--- MATERIAL PROVIDED Enclosed Below ---

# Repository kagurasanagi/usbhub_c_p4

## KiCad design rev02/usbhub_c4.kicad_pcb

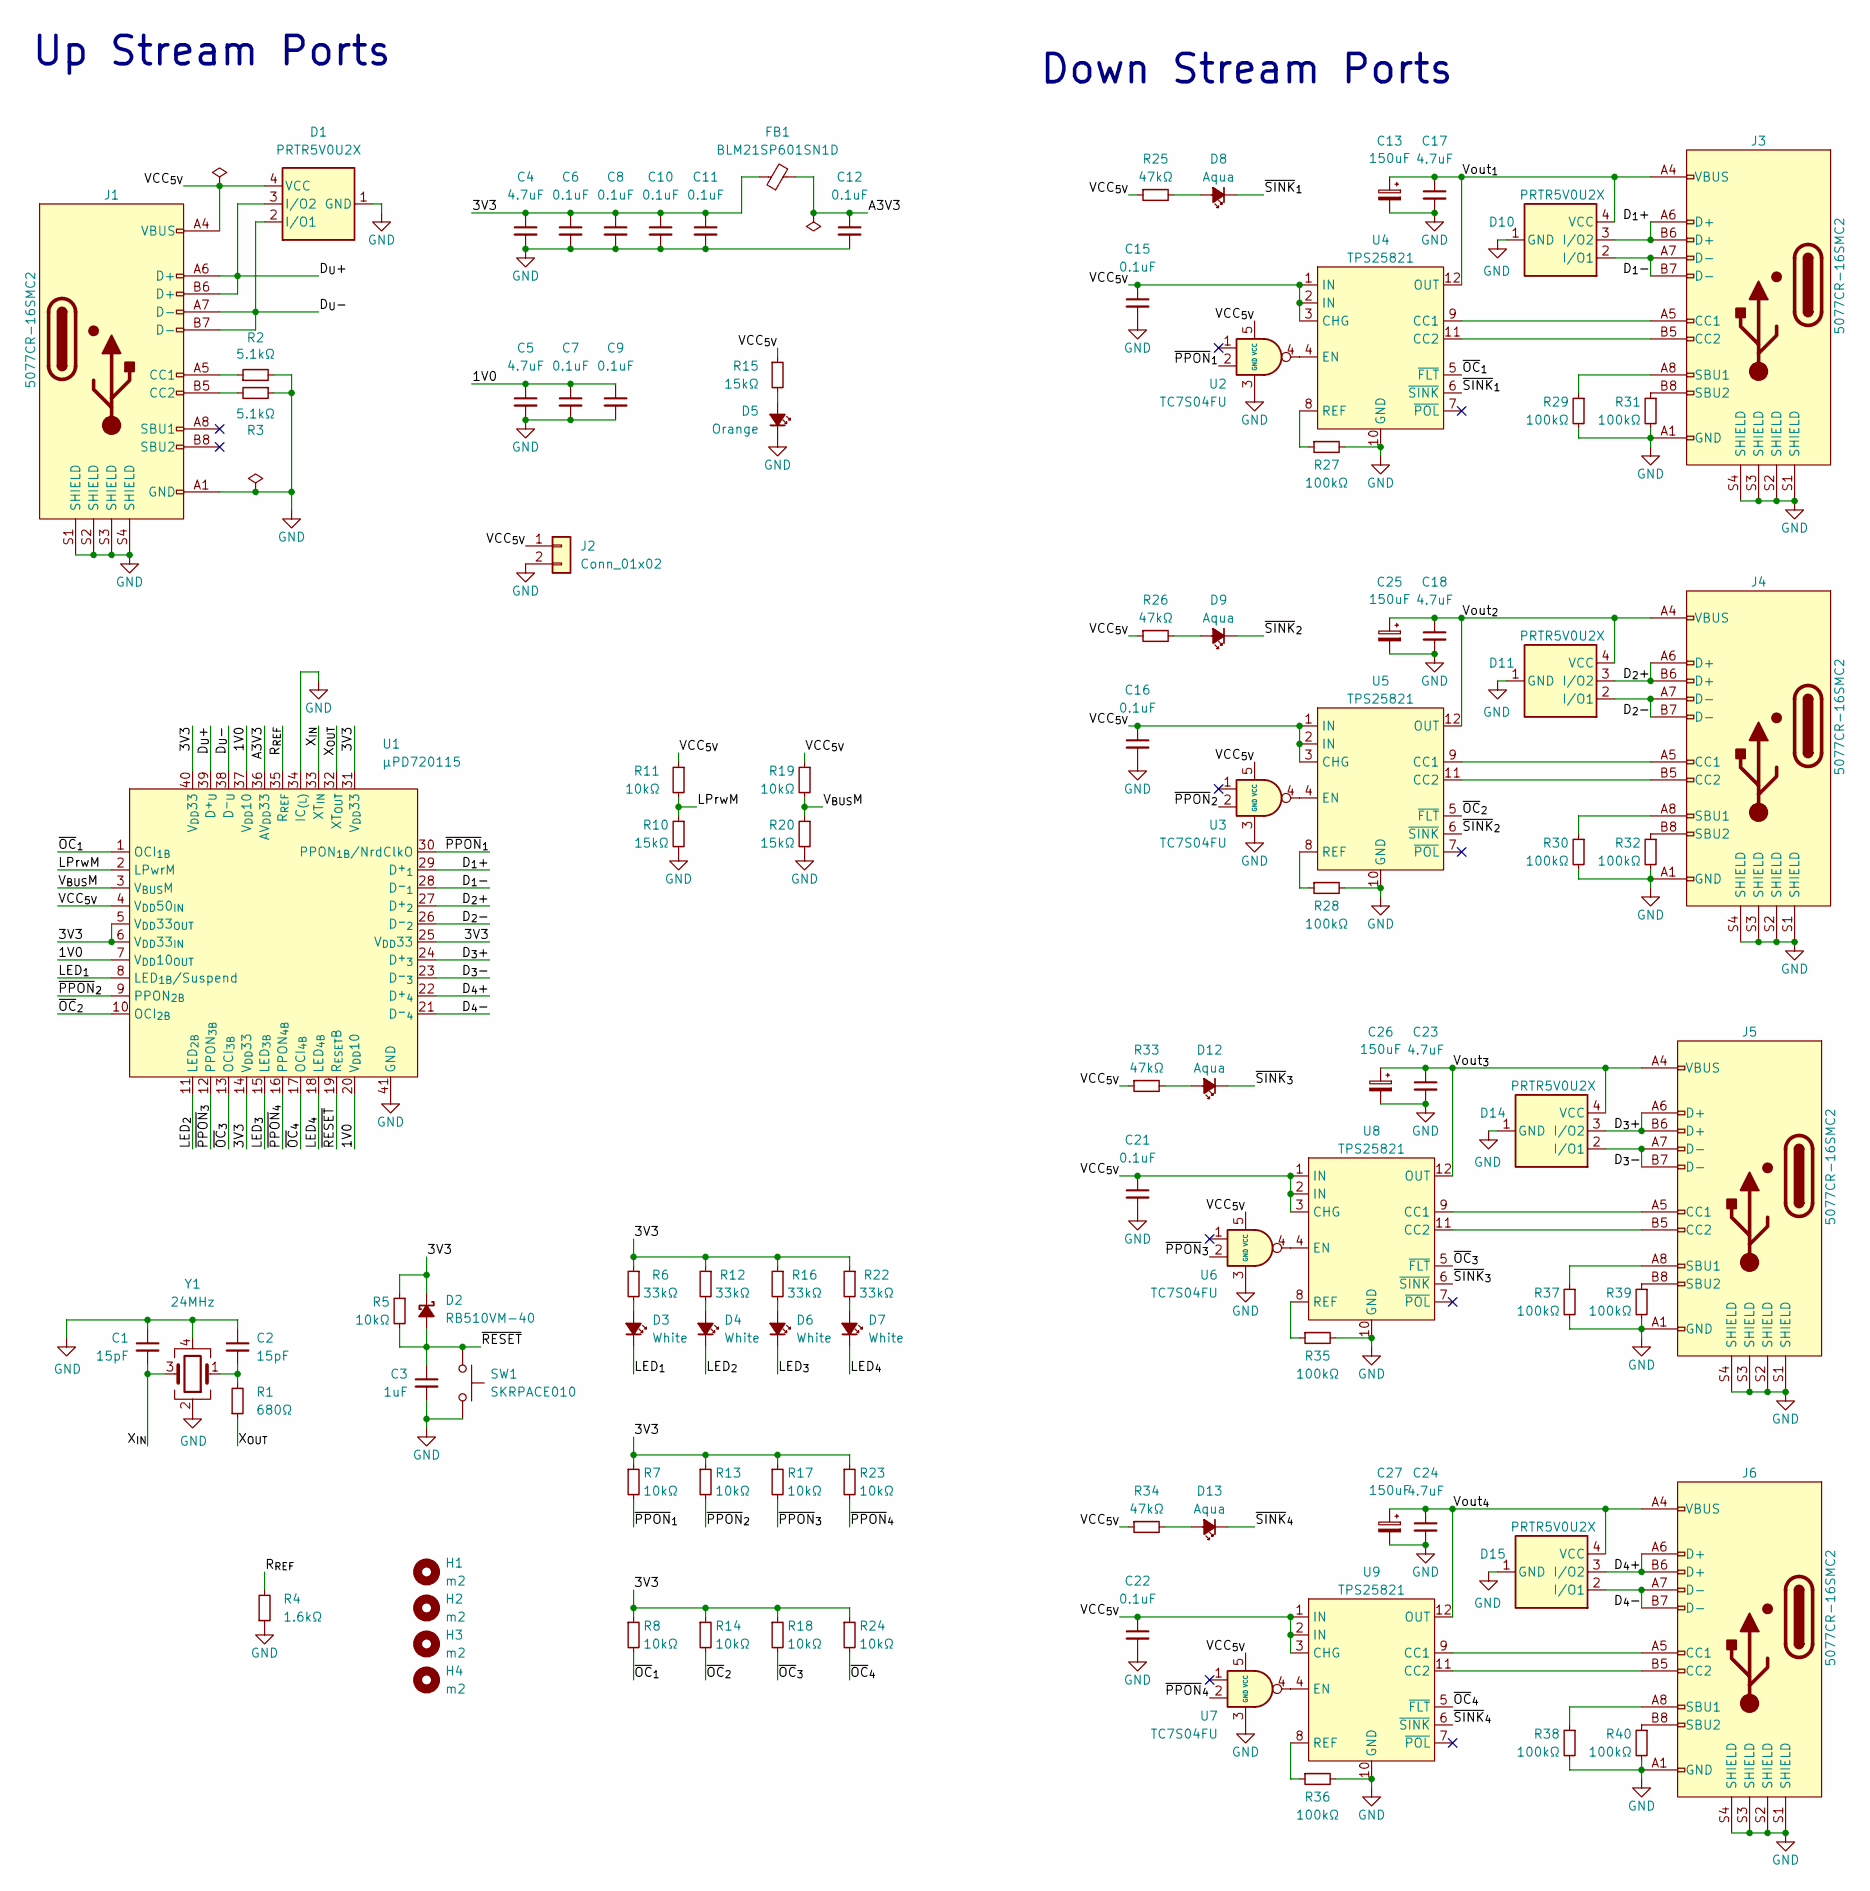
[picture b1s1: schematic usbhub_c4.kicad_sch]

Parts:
C1, C2: 15pF; C_0603_1608Metric
C3: 1uF; C_0603_1608Metric
C4, C5, C17, C18, C23, C24: 4.7uF; C_1206_3216Metric
C6, C7, C8, C9, C10, C11, C12: 0.1uF; C_0402_1005Metric
C13, C25, C26, C27: 150uF; CP_Radial_D6.3mm_P2.50mm
C15, C16, C21, C22: 0.1uF; C_0603_1608Metric
D1, D10, D11, D14, D15: PRTR5V0U2X; SOT-143
D2: RB510VM-40; Rohm_UMD2
D3, D4, D6, D7: White; LED_0603_1608Metric
D5: Orange; LED_0603_1608Metric
D8, D9, D12, D13: Aqua; LED_0603_1608Metric
FB1: BLM21SP601SN1D; R_0805_2012Metric
H1, H2, H3, H4: m2; MountingHole_2.2mm
J1, J3, J4, J5, J6: 5077CR-16SMC2; USB_C_Receptacle_5077CR-16SMC2
J2: Conn_01x02; JST_PH_B2B-PH-K_1x02_P2.00mm_Vertical
R1: 680Ω; R_0402_1005Metric
R2, R3: 5.1kΩ; R_0603_1608Metric
R4: 1.6kΩ; R_0402_1005Metric
R5, R11, R19: 10kΩ; R_0603_1608Metric
R6, R12, R16, R22: 33kΩ; R_0603_1608Metric
R7, R8, R13, R14, R17, R18, R23, R24: 10kΩ; R_0402_1005Metric
R10, R15, R20: 15kΩ; R_0603_1608Metric
R25, R26, R33, R34: 47kΩ; R_0603_1608Metric
R27, R28, R29, R30, R31, R32, R35, R36, R37, R38, R39, R40: 100kΩ; R_0603_1608Metric
SW1: SKRPACE010; SW_Push_1P1T_alps_SKRP
U1: μPD720115; QFN-40-1EP_6x6mm_P0.5mm_EP4.6x4.6mm
U2, U3, U6, U7: TC7S04FU; SOT-353_SC-70-5
U4, U5, U8, U9: TPS25821; WSON-12-1EP_3x2mm_P0.5mm_EP1x2.65_ThermalVias
Y1: 24MHz; Crystal_SMD_SeikoEpson_TSX3225-4Pin_3.2x2.5mm

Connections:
/1V0: C5.1, C7.1, C9.1, U1.7 (V_{DD}10_{OUT}), U1.20 (V_{DD}10), U1.37 (V_{DD}10)
/3V3: C4.1, C6.1, C8.1, C10.1, C11.1, D2.1 (K), FB1.1, R5.1, R6.1, R7.1, R8.1, R12.1, R13.1, R14.1, R16.1, R17.1, R18.1, R22.1, R23.1, R24.1, U1.5 (V_{DD}33_{OUT}), U1.6 (V_{DD}33_{IN}), U1.14 (V_{DD}33), U1.25 (V_{DD}33), U1.31 (V_{DD}33), U1.40 (V_{DD}33)
/A3V3: C12.1, FB1.2, U1.36 (AV_{DD}33)
/D_{1}+: D10.3 (I/O2), J3.A6 (D+), J3.B6 (D+), U1.29 (D^{+}_{1})
/D_{1}-: D10.2 (I/O1), J3.A7 (D-), J3.B7 (D-), U1.28 (D^{-}_{1})
/D_{2}+: D11.3 (I/O2), J4.A6 (D+), J4.B6 (D+), U1.27 (D^{+}_{2})
/D_{2}-: D11.2 (I/O1), J4.A7 (D-), J4.B7 (D-), U1.26 (D^{-}_{2})
/D_{3}+: D14.3 (I/O2), J5.A6 (D+), J5.B6 (D+), U1.24 (D^{+}_{3})
/D_{3}-: D14.2 (I/O1), J5.A7 (D-), J5.B7 (D-), U1.23 (D^{-}_{3})
/D_{4}+: D15.3 (I/O2), J6.A6 (D+), J6.B6 (D+), U1.22 (D^{+}_{4})
/D_{4}-: D15.2 (I/O1), J6.A7 (D-), J6.B7 (D-), U1.21 (D^{-}_{4})
/D_{U}+: D1.3 (I/O2), J1.A6 (D+), J1.B6 (D+), U1.39 (D^{+}_{U})
/D_{U}-: D1.2 (I/O1), J1.A7 (D-), J1.B7 (D-), U1.38 (D^{-}_{U})
/LED_{1}: D3.1 (K), U1.8 (LED_{1B}/Suspend)
/LED_{2}: D4.1 (K), U1.11 (LED_{2B})
/LED_{3}: D6.1 (K), U1.15 (LED_{3B})
/LED_{4}: D7.1 (K), U1.18 (LED_{4B})
/LPrwM: R10.1, R11.2, U1.2 (LPwrM)
/R_{REF}: R4.2, U1.35 (R_{REF})
/VCC_{5V}: C15.1, C16.1, C21.1, C22.1, D1.4 (VCC), J1.A4 (VBUS), J1.B4 (VBUS), J2.1, R11.1, R15.1, R19.1, R25.1, R26.1, R33.1, R34.1, U1.4 (V_{DD}50_{IN}), U2.5 (VCC), U3.5 (VCC), U4.1 (IN), U4.2 (IN), U4.3 (CHG), U5.1 (IN), U5.2 (IN), U5.3 (CHG), U6.5 (VCC), U7.5 (VCC), U8.1 (IN), U8.2 (IN), U8.3 (CHG), U9.1 (IN), U9.2 (IN), U9.3 (CHG)
/V_{BUS}M: R19.2, R20.1, U1.3 (V_{BUS}M)
/Vout_{1}: C13.1, C17.1, D10.4 (VCC), J3.A4 (VBUS), J3.B4 (VBUS), U4.12 (OUT)
/Vout_{2}: C18.1, C25.1, D11.4 (VCC), J4.A4 (VBUS), J4.B4 (VBUS), U5.12 (OUT)
/Vout_{3}: C23.1, C26.1, D14.4 (VCC), J5.A4 (VBUS), J5.B4 (VBUS), U8.12 (OUT)
/Vout_{4}: C24.1, C27.1, D15.4 (VCC), J6.A4 (VBUS), J6.B4 (VBUS), U9.12 (OUT)
/X_{IN}: C1.2, U1.33 (XT_{IN}), Y1.3
/X_{OUT}: R1.1, U1.32 (XT_{OUT})
/~OC_{1}: R8.2, U1.1 (OCI_{1B}), U4.5 (~FLT)
/~OC_{2}: R14.2, U1.10 (OCI_{2B}), U5.5 (~FLT)
/~OC_{3}: R18.2, U1.13 (OCI_{3B}), U8.5 (~FLT)
/~OC_{4}: R24.2, U1.17 (OCI_{4B}), U9.5 (~FLT)
/~PPON_{1}: R7.2, U1.30 (PPON_{1B}/NrdClkO), U2.2
/~PPON_{2}: R13.2, U1.9 (PPON_{2B}), U3.2
/~PPON_{3}: R17.2, U1.12 (PPON_{3B}), U6.2
/~PPON_{4}: R23.2, U1.16 (PPON_{4B}), U7.2
/~RESET: C3.1, D2.2 (A), R5.2, SW1.1, U1.19 (R_{ESET}B)
/~SINK_{1}: D8.1 (K), U4.6 (~SINK)
/~SINK_{2}: D9.1 (K), U5.6 (~SINK)
/~SINK_{3}: D12.1 (K), U8.6 (~SINK)
/~SINK_{4}: D13.1 (K), U9.6 (~SINK)
GND: C1.1, C2.1, C3.2, C4.2, C5.2, C6.2, C7.2, C8.2, C9.2, C10.2, C11.2, C12.2, C13.2, C15.2, C16.2, C17.2, C18.2, C21.2, C22.2, C23.2, C24.2, C25.2, C26.2, C27.2, D1.1 (GND), D5.1 (K), D10.1 (GND), D11.1 (GND), D14.1 (GND), D15.1 (GND), J1.A1 (GND), J1.B1 (GND), J1.S1 (SHIELD), J1.S2 (SHIELD), J1.S3 (SHIELD), J1.S4 (SHIELD), J2.2, J3.A1 (GND), J3.B1 (GND), J3.S1 (SHIELD), J3.S2 (SHIELD), J3.S3 (SHIELD), J3.S4 (SHIELD), J4.A1 (GND), J4.B1 (GND), J4.S1 (SHIELD), J4.S2 (SHIELD), J4.S3 (SHIELD), J4.S4 (SHIELD), J5.A1 (GND), J5.B1 (GND), J5.S1 (SHIELD), J5.S2 (SHIELD), J5.S3 (SHIELD), J5.S4 (SHIELD), J6.A1 (GND), J6.B1 (GND), J6.S1 (SHIELD), J6.S2 (SHIELD), J6.S3 (SHIELD), J6.S4 (SHIELD), R2.2, R3.1, R4.1, R10.2, R20.2, R27.2, R28.2, R29.2, R30.2, R31.2, R32.2, R35.2, R36.2, R37.2, R38.2, R39.2, R40.2, SW1.2, U1.34 (IC_{(L)}), U1.41 (GND), U2.3 (GND), U3.3 (GND), U4.10 (GND), U4.13 (GND), U5.10 (GND), U5.13 (GND), U6.3 (GND), U7.3 (GND), U8.10 (GND), U8.13 (GND), U9.10 (GND), U9.13 (GND), Y1.2, Y1.4
unnamed: C2.2, R1.2, Y1.1
unnamed: D3.2 (A), R6.2
unnamed: D4.2 (A), R12.2
unnamed: D5.2 (A), R15.2
unnamed: D6.2 (A), R16.2
unnamed: D7.2 (A), R22.2
unnamed: D8.2 (A), R25.2
unnamed: D9.2 (A), R26.2
unnamed: D12.2 (A), R33.2
unnamed: D13.2 (A), R34.2
unnamed: J1.A5 (CC1), R2.1
unnamed: J1.B5 (CC2), R3.2
unnamed: J3.A5 (CC1), U4.9 (CC1)
unnamed: J3.B5 (CC2), U4.11 (CC2)
unnamed: J3.A8 (SBU1), R29.1
unnamed: J3.B8 (SBU2), R31.1
unnamed: J4.A5 (CC1), U5.9 (CC1)
unnamed: J4.B5 (CC2), U5.11 (CC2)
unnamed: J4.A8 (SBU1), R30.1
unnamed: J4.B8 (SBU2), R32.1
unnamed: J5.A5 (CC1), U8.9 (CC1)
unnamed: J5.B5 (CC2), U8.11 (CC2)
unnamed: J5.A8 (SBU1), R37.1
unnamed: J5.B8 (SBU2), R39.1
unnamed: J6.A5 (CC1), U9.9 (CC1)
unnamed: J6.B5 (CC2), U9.11 (CC2)
unnamed: J6.A8 (SBU1), R38.1
unnamed: J6.B8 (SBU2), R40.1
unnamed: U2.4, U4.4 (EN)
unnamed: R27.1, U4.8 (REF)
unnamed: U3.4, U5.4 (EN)
unnamed: R28.1, U5.8 (REF)
unnamed: U6.4, U8.4 (EN)
unnamed: R35.1, U8.8 (REF)
unnamed: U7.4, U9.4 (EN)
unnamed: R36.1, U9.8 (REF)

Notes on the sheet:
Up Stream Ports
Down Stream Ports

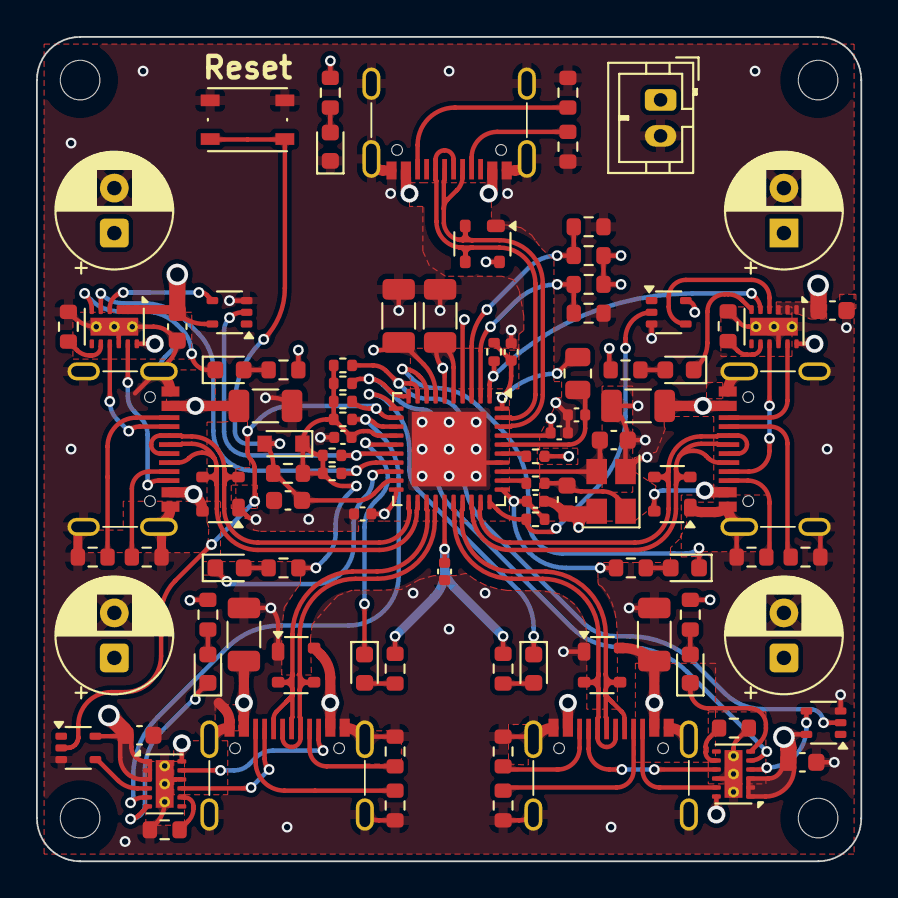
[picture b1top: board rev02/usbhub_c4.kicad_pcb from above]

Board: 4 copper layers, 45.8 x 45.8 mm, 99 parts (0 on the bottom side), 77 nets.

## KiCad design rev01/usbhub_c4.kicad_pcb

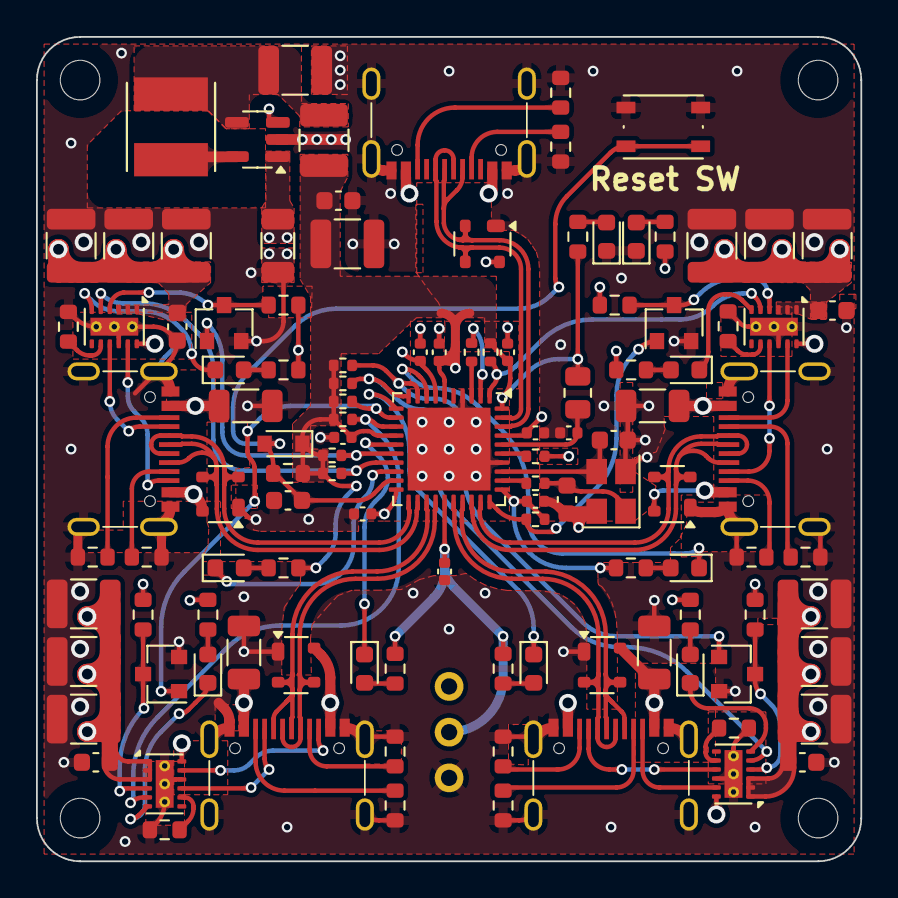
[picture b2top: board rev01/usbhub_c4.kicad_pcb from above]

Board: 4 copper layers, 45.8 x 45.8 mm, 119 parts (0 on the bottom side), 79 nets.

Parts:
C1, C21, C26, C31, C36: 4.7uF; C_1206_3216Metric
C2, C3, C17, C18, C19, C22, C23, C24, C27, C28, C29, C32, C33, C34: 47uF; C_1210_3225Metric
C4, C20, C25, C30, C35: 0.1uF; C_0603_1608Metric
C5, C6: 15pF; C_0603_1608Metric
C7: 1uF; C_0603_1608Metric
C8, C14: 4.7uF; C_0402_1005Metric
C9, C10, C11, C12, C13, C15, C16: 0.1uF; C_0402_1005Metric
D1, D10, D12, D14, D16: PRTR5V0U2X; SOT-143
D2: Orange; LED_0603_1608Metric
D3: Green; LED_0603_1608Metric
D4: RB510VM-40; Rohm_UMD2
D5, D6, D7, D8: White; LED_0603_1608Metric
D9, D11, D13, D15: WarmWhite; LED_0603_1608Metric
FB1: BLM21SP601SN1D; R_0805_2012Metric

--- End of Enclosed MATERIAL PROVIDED ---

§ **ACTIVITY**
The lines to show are those in the data above that include "from".

§ **SOLUTION FOR THIS PROBLEM**
[picture b1top: board rev02/usbhub_c4.kicad_pcb from above]
[picture b2top: board rev01/usbhub_c4.kicad_pcb from above]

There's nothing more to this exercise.